Kamloops resident Tamara Vukusic has been reading the obituaries for over 20 years. She wrote Obittersweet: Life Lessons from Obituaries to share what she learned.
Image Credit: SUBMITTED / Tamara Vukusic
December 11, 2020 - 7:30 AM
Tamara Vukusic's fascination with obituaries started when she was in her twenties, and she's been reading them ever since.
The Kamloops resident reads obituaries from local papers, places she's lived in Canada, and anything that is sent to her.
For years it was a hobby she didn't talk about much, but that all changed last November.
"I read something in an obituary that I loved, and I shared it online," she said.
She was encouraged by friends to write about it and submit it to The Globe and Mail, and when she did, they published it. The next day she got a call from Mosaic Publishing, asking her to turn it into a book.
“That was a dream call for me, and so I did," she said.
She already had a large collection of obituaries she had kept and reflected on over the years, so the book came together quickly.
Obittersweet is a collection of 120 life lessons learned from obituaries, dating as far back as 1999. Each of the twelve chapters has ten life lessons, each gleaned from an obituary excerpt. Along with each life lesson, Vukusic delves into personal anecdotes and insights related to the obituary.
"To me, it’s not my book," she said. "It’s a tribute to all these people I’ve learned from over the years, and I want to share them."
One of the most important lessons she's learned is what matters most at the end of a life.
"When I read an obituary, it’s so much about the essence of someone that matters, not what they accomplished in the Western definition of success," she said.
One of her favourite excerpts is only five words long: "She was a frog whisperer."
"That one sentence says that she was tender hearted, and she had the capacity to care for the smallest creatures. I could instantly picture her, down on her elbows, looking at a frog, appreciating it, protecting it," she said. "In life we want to impress others or boost ourselves up with these very traditional marks of success. But at the end of the day, we love the frog whisperer. And that takes a lot of pressure off."
Over the years, Vukusic has noticed trends in the obituaries. People have become more candid, sharing vulnerability in their tributes, talking more openly about the mental health of the deceased. Amid the pandemic, she noticed another change.
"The number of obituaries has grown exponentially, there’s a larger section," she said. "Part of that is because people are writing longer obituaries."
Her theory why is that people aren’t able to gather for a tribute to their loved one in person so they're doing it in prose.

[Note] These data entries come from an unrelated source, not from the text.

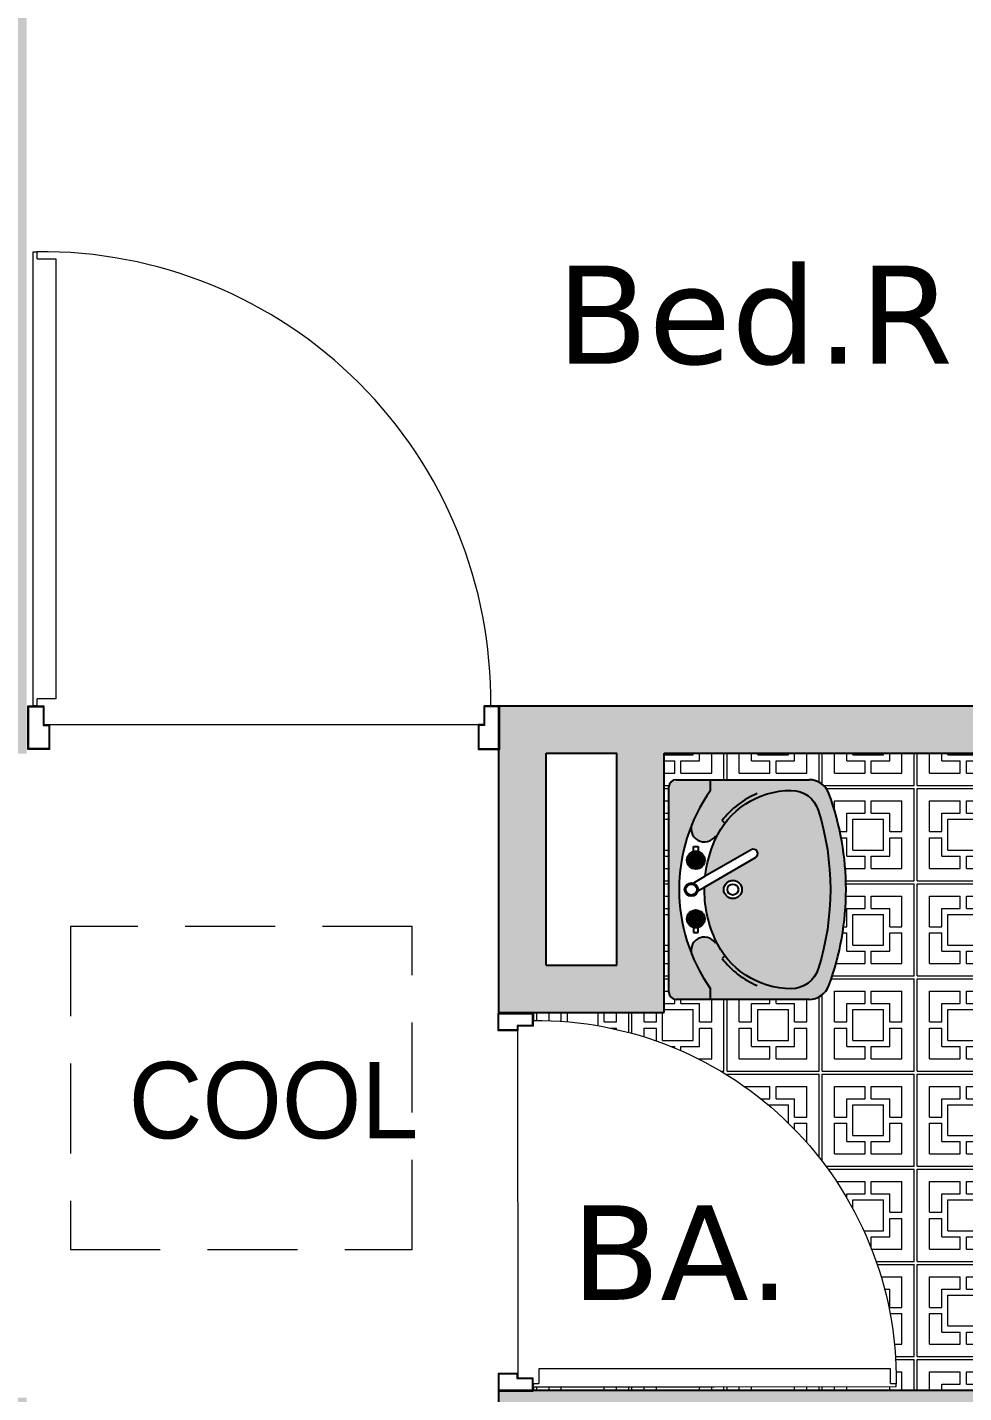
# Model space of a CAD drawing. Header units: inches. Extents: x 37.8 to 126.9, y 5.9 to 51.9.
# Drawn here: x 85.528 to 87.512, y 38.2 to 41.09 of the extents above; entities that cross this region are included whole.
import ezdxf

# ---------------------------------------------------------------- set-up
doc = ezdxf.new("R2010")
doc.units = ezdxf.units.IN
doc.header["$MEASUREMENT"] = 0
doc.linetypes.add('DASHED2', pattern=[9.524999999999995, 6.349999999999998, -3.174999999999998])
doc.layers.add('FUR', color=152, linetype='Continuous')
doc.layers.add('hatch', color=45, linetype='Continuous', lineweight=9)
doc.layers.add('LAYER1', color=8, linetype='Continuous', lineweight=9)
doc.styles.add('87', font='comic.ttf')
doc.styles.add('STYLE7', font='verdana.ttf')

# ---------------------------------------------------------------- blocks, each defined once
blk = doc.blocks.new('DR100K')
at = {"color": 253}
blk.add_line((-0.0481000000000052, -0.054543222929027), (-0.991860101079254, -0.054543222929027), dxfattribs=at)
at = {"color": 253, "linetype": 'Continuous'}
for p, q in [((-0.06143161415036499, -0.5960052134602165), (-0.06143161415036499, -0.1116251629206317)), ((-0.06143161415036499, -0.1116251629206317), (-0.0205043861645606, -0.1116251629206317)), ((-0.0199748370793884, -0.1116251629206317), (-0.0199748370793884, -0.0960000000000037)), ((-0.0199748370793884, -0.0960000000000037), (-0.0119309624678294, -0.0960000000000037)), ((-0.0119309624678294, -0.0960000000000037), (-0.0119309624678294, -0.5960052134602165)), ((-0.06143161415036499, -1.080385263999857), (-0.06143161415036499, -0.5960052134602165)), ((-0.0119309624678294, -0.5960052134602165), (-0.0119309624678294, -1.096010426920486)), ((-0.0205043861645606, -1.080385263999857), (-0.06143161415036499, -1.080385263999857)), ((-0.0199748370794168, -1.096010426920486), (-0.0199748370794168, -1.080385263999857)), ((-0.0119309624678294, -1.096010426920486), (-0.0199748370794168, -1.096010426920486))]:
    blk.add_line(p, q, dxfattribs=at)
for points in [[(-0.991860101079254, -0.054543222929027), (-0.991860101079254, 2.84e-14), (-1.03996010107923, 2.84e-14), (-1.03996010107923, -0.0959999999999752), (-1.004360101079242, -0.0959999999999752), (-1.004360101079242, -0.054543222929027)], [(-0.0481000000000052, -0.054543222929027), (-0.0481000000000052, 0), (0, 0), (0, -0.0960000000000037), (-0.0356000000000165, -0.0960000000000037), (-0.0356000000000165, -0.054543222929027)], [(-0.9938601010792352, -0.0525432229290175), (-0.9938601010792352, -0.0019999999999811), (-1.03796010107922, -0.0019999999999811), (-1.03796010107922, -0.0939999999999941), (-1.006360101079252, -0.0939999999999941), (-1.006360101079252, -0.0525432229290175)], [(-0.0460999999999956, -0.0525432229290459), (-0.0460999999999956, -0.0020000000000096), (-0.0020000000000096, -0.0020000000000096), (-0.0020000000000096, -0.0939999999999941), (-0.03360000000000701, -0.0939999999999941), (-0.03360000000000701, -0.0525432229290459)]]:
    blk.add_lwpolyline(points, close=True, dxfattribs=at)
blk.add_arc((-0.0306138118649244, -0.1066699198974845), 0.9893977090235084, 179.382095569082, 270.6161123031317, dxfattribs=at)
blk = doc.blocks.new('roshoei')
h = blk.add_hatch(color=253)
h.dxf.hatch_style = 1
h.set_gradient(color1=(174, 178, 188), color2=(236, 236, 239), tint=1, name='SPHERICAL')
h.paths.add_polyline_path([(0.3099999999999312, -0.0200000000004366), (0.309999999999917, -0.1173603684847251), (0.2799999999999585, -0.1173603684846967, 0.0542408528960642), (0.1879860274730163, -0.0664426424170017, 0.0353053274642903), (0.1831379238468571, -0.0644404142740029, 0.1955680909954415), (-0.1831379238471697, -0.0644404142741451, 0.0353053274756757), (-0.1879860274748211, -0.0664426424179681, 0.0542408528950272), (-0.2799999999999869, -0.1173603684846967), (-0.3099999999999738, -0.1173603684847251), (-0.3099999999999596, -0.0200000000004366, -0.2914266731264605), (-0.2984554890835227, -0.0018753012620607, -0.0042390793985672), (-0.2981469619992651, -0.0017345405158551, -0.105273442681482), (-0.2900000000000062, 0), (0.2899999999999494, 0, -0.4142152552575133), (0.3099999999996186, -0.0200001155973269, 1.4449608917e-06)])
h = blk.add_hatch(color=253)
h.dxf.hatch_style = 1
h.set_gradient(color1=(174, 178, 188), color2=(236, 236, 239), tint=1, name='INVSPHERICAL')
h.paths.add_polyline_path([(0.3099999999999312, -0.3954269196583482, -0.1189511798868249), (0.3033964893276675, -0.42279140261482, -0.1153640646256316), (0.2857253564613415, -0.4436316798559973, -0.0713494153281219), (0.2707359219287468, -0.4517298640020046, -0.1782923213663644), (-0.2707359219285763, -0.4517298640025446, -0.3142516724202768), (-0.3099999999999596, -0.3954269196588029), (-0.3099999999999596, -0.1173603684847251), (-0.2799999999999869, -0.1173603684846967, -0.0569466848380328), (-0.1831379238492872, -0.0644404142748272, -0.8792300366133057), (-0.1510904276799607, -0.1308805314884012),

"The obituary now plays a more important role in sharing those stories and filling the gap than otherwise would’ve been filled by an in person gathering," she said.
The obituary has become one of the few ways to safely honour a loss and process grief during the pandemic.
As the pandemic restrictions have also changed her plans for a traditional book launch, Vukusic wrote each of the 120 lessons from her book onto Christmas ornaments and hung them on a tree in her front yard.
Kamloops resident Tamara Vukusic celebrated the launch of Obittersweet: Life Lessons from Obituaries by decorating her tree with nuggets of wisdom from her book.
Image Credit: SUBMITTED / Tamara Vukusic
"I've been sending some pictures to some of the families whose loved ones are mentioned in the book," she said. "For a number of those people, this is their first Christmas without a loved one. It's a very silent, but poignant and intimate launch."
Although the local launch of her book has only just begun, and it won't fully launch in Canada until the New Year, Vukusic is already planning another.
"Speaking to family members to get permission to use obituaries… there's some stories from that process I'd love to share," she said.
An obituary is a distillation of an entire lifetime, she said, the most important things about a person in the eyes of their loved ones, narrowed down to about 600 words.
While that is an aspect of obituaries that she finds intriguing, it also leaves a lot unsaid. This is what she hopes to explore in her next book.
To purchase a copy of Obittersweet: Life Lessons from Obituaries, locals can visit the Kamloops Chapters. You can also order her book through independent book stores before it launches across Canada in the coming months.
— This story was corrected at 12:13 p.m. Friday, December 11, 2020 to change a misquote to "Frog whisperer."